EIN NEUER EINSTIEG IN DEN BUDAPESTER ABEND

Die nun erscheinende Fassung des Konzertfilms unterscheidet sich vom ursprünglich vorgesehenen Schnitt. Nach Streitigkeiten mit einem ehemaligen Bandmitglied konnten das frühere Intro und der Song »Nichts Ist Wie Es Scheint« nicht länger verwendet werden. Eine überarbeitete Version wurde damit unumgänglich. Der Film beginnt jetzt mit einem kurzen »Intro«, bevor »Die Infizierten« unmittelbar den musikalischen Auftakt übernimmt.

Der neue Einstieg funktioniert erstaunlich gut. Schon während der ersten Akkorde wird deutlich, dass diese Band wenig Interesse an vorsichtiger Annäherung besitzt. Pinhead führt mit rauem Gesang und kräftigem Bass durch das Stück, während DOC und BANDIT die Gitarren breit aufstellen. N01Z hält das Tempo hoch, ohne die Nummer in unübersichtliche Hektik kippen zu lassen. Als Eröffnung erfüllt der selbstbetitelte Song gleich mehrere Aufgaben: Er stellt die Band vor, formuliert ihr Selbstverständnis und bringt den Auftritt ohne längere Verzögerung in Bewegung.
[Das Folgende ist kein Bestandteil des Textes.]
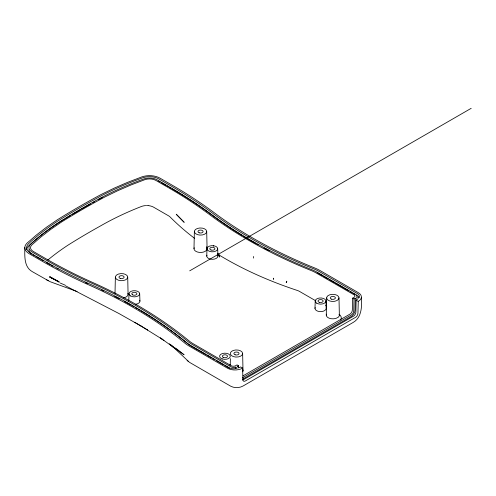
<?xml version="1.0" encoding="UTF-8"?>
<svg xmlns="http://www.w3.org/2000/svg" width="496" height="496" viewBox="0 0 496 496"><rect width="100%" height="100%" fill="white"/><g stroke="black" fill="none" stroke-linecap="round" stroke-linejoin="round"><path stroke-width="0.74" d="M235.563 368.398L235.569 367.158A3.931 2.269 0 0 1 230.857 366.786L192.25 344.491A38.62 22.295 0 0 1 187.879 341.477A459.656 265.379 0 0 0 91.946 283.297A498.046 287.544 0 0 1 44.398 259.135L32.035 251.993A10.621 6.132 0 0 1 30.529 244.423A291.27 168.163 0 0 1 60.4 221.383A788.987 455.52 0 0 1 91.946 202.783A291.27 168.163 0 0 1 143.933 178.944A10.621 6.132 0 0 1 157.058 179.812L169.421 186.955A498.046 287.544 0 0 1 211.271 214.408A459.656 265.379 0 0 0 312.052 269.787A38.62 22.295 0 0 1 317.266 272.31L355.88 294.605A3.931 2.269 0 0 1 356.519 297.327L358.211 298.301A6.262 3.615 0 0 0 357.529 293.651L318.922 271.362A40.957 23.647 0 0 0 313.385 268.683A457.318 264.033 0 0 1 213.119 213.584A500.458 288.939 0 0 0 171.07 186L158.708 178.864A12.958 7.483 0 0 0 142.699 177.804A293.545 169.477 0 0 0 102.486 195.182A790.215 456.227 0 0 0 58.658 220.491A293.545 169.477 0 0 0 28.551 243.703A12.958 7.483 0 0 0 30.386 252.948L42.749 260.084A500.458 288.939 0 0 0 90.52 284.363A457.318 264.033 0 0 1 185.963 342.252A40.957 23.647 0 0 0 190.594 345.445L229.208 367.741A6.262 3.615 0 0 0 237.262 368.131L235.569 367.158M115.016 293.39L115.363 277.146M193.992 248.738L194.358 231.539M230.249 364.665L230.373 358.633M326.275 315.109L326.641 297.891M361.373 297.507C361.95 306.162 361.875 317.372 353.295 322.363L243.102 385.981C239.289 388.108 234.614 388.225 230.727 386.21L189.416 362.285L171.765 345.675M238.508 368.013L238.452 365.707L237.045 364.889L235.637 365.707A3.131 1.804 0 0 1 231.204 365.707L193.359 343.852A37.045 21.39 0 0 1 189.162 340.963A461.218 266.278 0 0 0 92.907 282.584A496.508 286.657 0 0 1 45.508 258.49L33.145 251.354A9.052 5.227 0 0 1 31.862 244.9L41.001 236.939L50.914 229.295L61.566 221.991A790.643 456.475 0 0 1 105.084 196.862L117.738 190.718L130.975 184.989L144.764 179.713A9.052 5.227 0 0 1 155.949 180.457L168.311 187.593A496.508 286.657 0 0 1 210.031 214.96A461.218 266.278 0 0 0 311.153 270.531A37.045 21.39 0 0 1 316.163 272.955L354.008 294.804A3.131 1.81 0 0 1 354.008 297.364L352.6 298.177L352.334 310.025A3.416 1.972 -60 0 1 349.916 314.135L243.065 375.825M242.656 380.066A3.416 1.972 -60 0 0 243.269 379.8L353.462 316.181A3.416 1.972 -60 0 0 355.874 312.071L356.14 300.223L357.43 299.479L355.297 298.245L354.008 298.989L353.741 310.837A3.416 1.972 -60 0 1 351.329 314.948L242.47 377.797M355.297 298.245L355.031 310.136A5.239 3.026 -60 0 1 351.329 316.436L242.47 379.285M242.643 368.119L242.563 368.168A10.707 6.181 0 0 1 227.416 368.168L189.329 346.177A42.718 24.664 0 0 1 184.493 342.841A455.551 263.01 0 0 0 89.423 285.181A502.194 289.937 0 0 1 41.478 260.815L29.115 253.679A14.75 8.519 0 0 1 27.026 243.158L36.351 235.042L46.457 227.249L57.319 219.802A793.129 457.907 0 0 1 101.289 194.413L114.192 188.139L127.695 182.305L141.751 176.923A14.75 8.519 0 0 1 159.979 178.132L172.335 185.268A502.194 289.937 0 0 1 214.539 212.951A455.551 263.01 0 0 0 314.408 267.834A42.718 24.664 0 0 1 320.187 270.63L358.279 292.621A10.707 6.181 0 0 1 358.273 301.357L357.932 313.255A3.416 1.972 -60 0 1 355.514 317.366L245.322 380.99A3.416 1.972 -60 0 1 242.904 379.663L242.643 368.119L240.585 366.935L239.301 367.679L237.162 366.451L238.452 365.707M128.762 301.115L128.997 293.768M206.751 256.085L206.987 248.744M314.985 308.394L315.22 301.047M253.369 258.106L253.667 256.475M213.478 246.221L213.683 245.625M338.997 297.891A6.175 3.565 0 0 1 329.728 300.979A6.175 3.565 0 0 1 329.728 294.798A6.175 3.565 0 0 1 338.997 297.891L339.363 315.704L338.452 317.093L336.313 318.24A6.547 3.776 0 0 1 328.997 318.11A6.547 3.776 0 0 1 326.461 314.148M189.695 270.841L471.2 108.314M146.401 205.493L148.744 205.623M77.091 291.543L49.96 281.635L32.426 271.721C23.74 266.966 24.806 255.824 24.8 247.492M60.252 283.055L65.193 285.175M57.877 281.3L49.488 276.898L59.061 281.815M58.906 281.666L49.96 276.83L59.328 282.342M65.522 285.808L118.842 313.478L141.168 326.095L134.664 322.282L135.253 322.623M46.624 279.825L48.248 280.761M158.658 181.077L159.96 181.827M161.262 182.578L165.813 185.206M167.115 185.957L168.417 186.713M169.719 187.463L171.021 188.213M322.202 275.497L318.872 273.575A40.846 23.585 0 0 0 317.118 272.62M323.528 276.266L328.191 278.957M329.524 279.725L334.18 282.416M335.513 283.185L348.824 290.867M350.157 291.636L351.49 292.404M352.823 293.173L354.82 294.326M356.147 295.095L357.48 295.864A6.194 3.577 0 0 1 359.129 297.581M352.6 298.177L354.008 298.989M356.14 300.223L358.193 301.407M315.952 300.917L299.429 291.375A9.74 5.623 0 0 0 297.377 290.47A341.905 197.396 0 0 1 218.562 254.696M33.288 254.963L34.59 255.713M35.892 256.463L40.443 259.092M41.745 259.842L43.047 260.592M192.2 346.71L205.511 354.392M206.844 355.161L211.501 357.852M212.834 358.62L214.167 359.389M216.163 360.542L223.485 364.771M224.818 365.54L229.474 368.23M175.497 347.975L184.084 354.801L162.192 339.221L140.566 325.742M146.99 329.629L147.591 329.989L142.315 326.79M163.953 340.535L160.425 337.894L162.192 339.221M169.303 343.771L173.941 347.727M218.445 254.764L219.381 255.793L219.238 257.095A7.118 4.111 0 0 0 217.521 253.27M187.091 360.381L188.207 361.355M170.556 344.534L173.643 347.442M206.683 247.715L207.08 248.843L206.714 231.539A6.175 3.565 0 0 0 197.451 228.445A6.175 3.565 0 0 0 197.451 234.627A6.175 3.565 0 0 0 206.714 231.539M273.674 278.535L273.525 278.138L273.563 279.645M339.27 314.997L339.363 315.704M325.922 301.047L326.157 308.394A5.586 3.224 0 0 1 319.839 311.593A5.586 3.224 0 0 1 315.171 307.557M217.694 248.744A5.351 3.088 0 0 1 209.665 251.416A5.351 3.088 0 0 1 209.665 246.066A5.351 3.088 0 0 1 217.694 248.744L217.93 256.085M139.698 293.768L139.934 301.115M242.643 353.518A6.175 3.565 0 0 1 233.374 356.605A6.175 3.565 0 0 1 233.374 350.43A6.175 3.565 0 0 1 242.643 353.518L243.009 370.766M127.72 277.146A6.175 3.565 0 0 1 118.451 280.234A6.175 3.565 0 0 1 118.451 274.059A6.175 3.565 0 0 1 127.72 277.146L128.08 294.395M139.748 300.278A5.586 3.224 0 0 1 135.792 304.234M206.956 249.432A6.547 3.776 0 0 1 199.101 252.377A6.547 3.776 0 0 1 194.19 247.771M242.817 369.756A6.547 3.776 0 0 1 242.73 371.764M325.605 305.486A7.118 4.111 0 0 1 326.74 306.342M127.887 293.384A6.547 3.776 0 0 1 123.386 297.929M230.342 364.436A5.586 3.224 0 0 1 229.784 365.217M217.738 255.254A5.586 3.224 0 0 1 212.338 259.315A5.586 3.224 0 0 1 206.944 255.254M207.657 247.709A341.905 197.396 0 0 1 206.41 246.865M194.674 238.433A341.905 197.396 0 0 1 170.147 217.012A9.74 5.623 0 0 0 168.578 215.828L153.648 207.21A9.734 5.623 0 0 0 149.017 205.716M338.997 314.253A9.74 5.623 0 0 1 340.368 320.242M145.681 205.598A9.734 5.623 0 0 0 141.31 206.528A279.955 161.628 0 0 0 100.167 226.126A726.212 419.275 0 0 0 67.853 245.247A279.955 161.628 0 0 0 47.765 260.09M269.384 250.79A457.386 264.07 0 0 1 264.12 248.012M258.23 244.813A457.386 264.07 0 0 1 256.897 244.069M255.57 243.325A457.386 264.07 0 0 1 243.207 236.09M241.881 235.278A457.386 264.07 0 0 1 227.689 226.157M227.063 225.736A457.386 264.07 0 0 1 213.063 215.791A500.309 288.852 0 0 0 172.323 188.97M31.986 254.212A10.695 6.175 0 0 1 28.855 249.724M87.742 283.638A498.151 287.606 0 0 1 85.678 282.689M58.255 269.068A498.151 287.606 0 0 1 56.904 268.348M52.892 266.166A498.151 287.606 0 0 1 51.565 265.428M50.245 264.697A498.151 287.606 0 0 1 46.302 262.471M101.717 290.017A459.6 265.348 0 0 1 103.788 291.003M114.681 296.372A459.6 265.348 0 0 1 119.356 298.784M124.626 301.58A459.6 265.348 0 0 1 126.579 302.647M127.23 303A459.6 265.348 0 0 1 131.26 305.232M132.587 305.982A459.6 265.348 0 0 1 133.914 306.739M135.241 307.495A459.6 265.348 0 0 1 137.212 308.636M138.52 309.405A459.6 265.348 0 0 1 139.822 310.174M141.118 310.942A459.6 265.348 0 0 1 143.053 312.108M143.697 312.492A459.6 265.348 0 0 1 187.817 343.691A38.663 22.32 0 0 0 191.667 346.394M26.66 249.699A12.884 7.44 0 0 1 28.607 245.911A293.415 169.403 0 0 1 58.708 222.698A789.954 456.078 0 0 1 64.43 219.164M65.708 218.383A789.954 456.078 0 0 1 70.215 215.667M72.193 214.483A789.954 456.078 0 0 1 80.191 209.802M81.536 209.027A789.954 456.078 0 0 1 90.346 204.042M93.031 202.554A789.954 456.078 0 0 1 94.383 201.81M98.444 199.597A789.954 456.078 0 0 1 102.529 197.402M286.477 281.84L286.235 282.522L286.812 281.201L286.477 281.84M184.103 222.239L176.266 214.266L184.103 222.239M132.537 294.816A2.561 1.482 0 0 0 136.822 294.153A2.561 1.482 0 0 0 133.684 292.342A2.561 1.482 0 0 0 132.537 294.816M130.56 295.957A5.351 3.088 0 0 0 139.519 294.568A5.351 3.088 0 0 0 132.959 290.786A5.351 3.088 0 0 0 130.56 295.957M222.264 358.93A5.351 3.088 0 0 0 230.293 356.258A5.351 3.088 0 0 0 222.264 353.58A5.351 3.088 0 0 0 222.264 358.93M316.783 303.23A5.351 3.088 0 0 0 325.742 301.847A5.351 3.088 0 0 0 319.182 298.059A5.351 3.088 0 0 0 316.783 303.23M331.539 299.169A2.561 1.482 0 0 0 335.383 297.891A2.561 1.482 0 0 0 331.539 296.608A2.561 1.482 0 0 0 331.539 299.169M199.256 232.816A2.561 1.482 0 0 0 203.1 231.539A2.561 1.482 0 0 0 199.256 230.256A2.561 1.482 0 0 0 199.256 232.816M120.255 278.43A2.561 1.482 0 0 0 124.099 277.146A2.561 1.482 0 0 0 120.255 275.863A2.561 1.482 0 0 0 120.255 278.43M235.185 354.801A2.561 1.482 0 0 0 239.029 353.518A2.561 1.482 0 0 0 235.185 352.234A2.561 1.482 0 0 0 235.185 354.801M211.06 250.021A2.561 1.482 0 0 0 214.904 248.744A2.561 1.482 0 0 0 211.06 247.461A2.561 1.482 0 0 0 211.06 250.021M319.288 302.324A2.561 1.482 0 0 0 323.132 301.047A2.561 1.482 0 0 0 319.288 299.764A2.561 1.482 0 0 0 319.288 302.324M223.132 357.3A2.561 1.482 0 0 0 227.416 356.636A2.561 1.482 0 0 0 224.279 354.826A2.561 1.482 0 0 0 223.132 357.3"/></g></svg>

Mit »Heuchler« zieht das Quartett anschließend die Geschwindigkeit an. Der Titel setzt auf kurze Gitarrenfiguren, einen geradlinigen Rhythmus und eine Gesangslinie, die eher herausgeschleudert als vorgetragen wird. Die Aufnahme zeigt dabei, wie stark Die Infizierten von der unmittelbaren Bühnenenergie profitieren. Kleine Unsauberkeiten bleiben hörbar, stören den Gesamteindruck jedoch kaum. Sie gehören zu einem Auftritt, der nicht auf nachträgliche Perfektion, sondern auf körperliche Wirkung ausgerichtet ist.

»Judas« schlägt einen etwas schwereren Weg ein. Die Gitarren erhalten mehr Gewicht, während das Schlagzeug den Song mit festen Akzenten vorantreibt. Inhaltlich bleibt die Band bei ihrem bevorzugten Themenfeld aus Verrat, Doppelmoral und falschen Loyalitäten. Der Titel besitzt einen klaren Aufbau und gehört zu den Nummern, die live deutlich geschlossener erscheinen als auf einer nüchtern betrachteten Studioaufnahme.

VON EKEL BIS ZUM TOTALEN NEIN

Mit »Ekelhaft« erreicht das Konzert einen seiner aggressivsten Abschnitte. Das Stück verzichtet auf längere Vorbereitungen und konzentriert sich auf einen kompakten Angriff aus Bass, Gitarren und Schlagzeug. Pinhead trägt den Text mit hörbarer Ablehnung vor, während die beiden Gitarren genügend metallische Schärfe einbringen, um die Hardcore-Grundlage zu erweitern. Die Nummer ist simpel konstruiert, erfüllt ihren Zweck aber mit Nachdruck.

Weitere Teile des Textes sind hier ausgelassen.